Running Sum

Running Sum

Return the running (prefix) sum of the array: each output element is the sum of all input elements up to and including that index.

runningSum(nums)

Input format: space-separated integers. Output the running sums, space-separated.

Examples

[1, 2, 3, 4]    // → [1, 3, 6, 10]
[3, 1, 2]       // → [3, 4, 6]
[]              // → []

Walkthrough

Thinking it through

Each output is the sum of everything up to and including that position. The naive way follows the definition literally: re-sum from the start for every position. That repeats enormous work — the sum for position 5 shares nearly all its terms with position 4, but a fresh re-summation throws that overlap away.

Spotting the redundancy

The sum through position i is just the sum through i-1, plus the new element at i. Each answer is one addition away from the previous one — no need to revisit earlier elements at all.

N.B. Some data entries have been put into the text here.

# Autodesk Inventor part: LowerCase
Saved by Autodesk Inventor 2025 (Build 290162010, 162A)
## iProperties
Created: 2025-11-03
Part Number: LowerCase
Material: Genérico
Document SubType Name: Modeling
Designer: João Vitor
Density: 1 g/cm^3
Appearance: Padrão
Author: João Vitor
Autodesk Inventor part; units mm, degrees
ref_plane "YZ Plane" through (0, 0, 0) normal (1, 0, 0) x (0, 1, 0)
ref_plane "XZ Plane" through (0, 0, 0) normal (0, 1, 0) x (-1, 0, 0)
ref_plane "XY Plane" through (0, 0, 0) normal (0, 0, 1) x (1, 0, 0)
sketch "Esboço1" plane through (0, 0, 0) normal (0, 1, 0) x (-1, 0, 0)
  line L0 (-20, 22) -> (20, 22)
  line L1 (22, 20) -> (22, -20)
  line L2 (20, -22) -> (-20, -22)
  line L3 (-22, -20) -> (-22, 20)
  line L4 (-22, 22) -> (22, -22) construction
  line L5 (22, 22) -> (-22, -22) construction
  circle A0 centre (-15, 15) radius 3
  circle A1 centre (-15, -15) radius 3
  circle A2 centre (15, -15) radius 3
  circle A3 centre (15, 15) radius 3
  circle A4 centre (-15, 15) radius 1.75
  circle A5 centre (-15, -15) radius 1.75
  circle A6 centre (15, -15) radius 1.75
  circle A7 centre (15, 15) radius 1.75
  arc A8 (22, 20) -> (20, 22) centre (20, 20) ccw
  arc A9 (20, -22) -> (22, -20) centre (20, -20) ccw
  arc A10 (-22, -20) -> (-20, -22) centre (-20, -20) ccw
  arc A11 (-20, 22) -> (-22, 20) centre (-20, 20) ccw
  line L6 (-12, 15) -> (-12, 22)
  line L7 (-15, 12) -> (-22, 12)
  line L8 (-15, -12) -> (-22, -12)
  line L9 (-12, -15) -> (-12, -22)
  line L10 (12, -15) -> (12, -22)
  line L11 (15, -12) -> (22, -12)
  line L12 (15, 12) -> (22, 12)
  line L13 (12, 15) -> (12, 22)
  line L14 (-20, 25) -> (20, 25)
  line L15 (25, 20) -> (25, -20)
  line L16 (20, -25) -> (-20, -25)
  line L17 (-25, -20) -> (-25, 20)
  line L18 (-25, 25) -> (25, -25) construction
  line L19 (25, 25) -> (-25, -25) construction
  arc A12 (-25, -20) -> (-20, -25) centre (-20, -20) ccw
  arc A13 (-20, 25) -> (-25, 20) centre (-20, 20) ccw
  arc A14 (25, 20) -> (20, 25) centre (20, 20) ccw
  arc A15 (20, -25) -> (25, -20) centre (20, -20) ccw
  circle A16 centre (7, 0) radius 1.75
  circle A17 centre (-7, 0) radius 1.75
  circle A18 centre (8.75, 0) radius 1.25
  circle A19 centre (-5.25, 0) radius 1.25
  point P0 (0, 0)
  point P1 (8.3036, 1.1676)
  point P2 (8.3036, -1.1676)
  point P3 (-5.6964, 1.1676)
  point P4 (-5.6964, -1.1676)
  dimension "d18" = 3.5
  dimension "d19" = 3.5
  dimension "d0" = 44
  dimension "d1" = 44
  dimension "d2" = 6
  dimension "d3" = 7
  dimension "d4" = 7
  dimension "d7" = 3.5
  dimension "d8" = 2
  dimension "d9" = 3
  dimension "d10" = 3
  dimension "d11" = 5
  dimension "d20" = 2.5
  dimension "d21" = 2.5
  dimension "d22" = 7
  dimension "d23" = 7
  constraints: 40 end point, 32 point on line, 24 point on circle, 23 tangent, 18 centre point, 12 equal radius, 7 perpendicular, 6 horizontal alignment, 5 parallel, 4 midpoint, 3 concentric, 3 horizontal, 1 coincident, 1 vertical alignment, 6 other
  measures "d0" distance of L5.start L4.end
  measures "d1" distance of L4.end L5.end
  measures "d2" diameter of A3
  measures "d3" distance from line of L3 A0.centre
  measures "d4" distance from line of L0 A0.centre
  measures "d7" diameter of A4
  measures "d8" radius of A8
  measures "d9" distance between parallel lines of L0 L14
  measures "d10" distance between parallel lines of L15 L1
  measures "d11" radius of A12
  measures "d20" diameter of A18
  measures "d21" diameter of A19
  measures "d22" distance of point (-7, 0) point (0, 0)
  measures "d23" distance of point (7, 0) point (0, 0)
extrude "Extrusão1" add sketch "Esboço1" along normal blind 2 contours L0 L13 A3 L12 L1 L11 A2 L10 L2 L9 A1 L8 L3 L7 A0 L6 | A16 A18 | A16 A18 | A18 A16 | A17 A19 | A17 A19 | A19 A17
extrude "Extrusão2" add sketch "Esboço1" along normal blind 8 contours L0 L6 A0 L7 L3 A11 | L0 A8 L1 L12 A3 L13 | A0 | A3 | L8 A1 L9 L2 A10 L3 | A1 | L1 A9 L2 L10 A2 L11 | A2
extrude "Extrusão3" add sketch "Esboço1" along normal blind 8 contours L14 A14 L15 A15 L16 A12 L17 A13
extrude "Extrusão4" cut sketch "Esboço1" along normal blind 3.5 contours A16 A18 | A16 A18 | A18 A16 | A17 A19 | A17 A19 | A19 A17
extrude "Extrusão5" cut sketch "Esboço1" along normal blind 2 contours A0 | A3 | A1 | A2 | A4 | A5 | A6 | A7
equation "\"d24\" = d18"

Building the one-pass approach

  1. Keep a running total, starting at zero.
  2. Walk the input once, left to right.
  3. At each element, add it to the total.
  4. Record the total as the output for that position.

By the end, every output is produced with one addition per element.

Why this is the right approach

Brute force costs O(n) per output position across n positions — O(n²) total, millions of redundant additions for a few thousand numbers. The running-total approach does constant work per element — O(n), the best possible since you must look at every element once.

This — deriving a value cheaply from the immediately preceding one instead of recomputing from scratch — is one of the most common ways to turn quadratic brute force into linear, and it's the same idea behind prefix sums generally: once you have running totals everywhere, any contiguous range's sum is just two stored totals apart, no re-summing needed.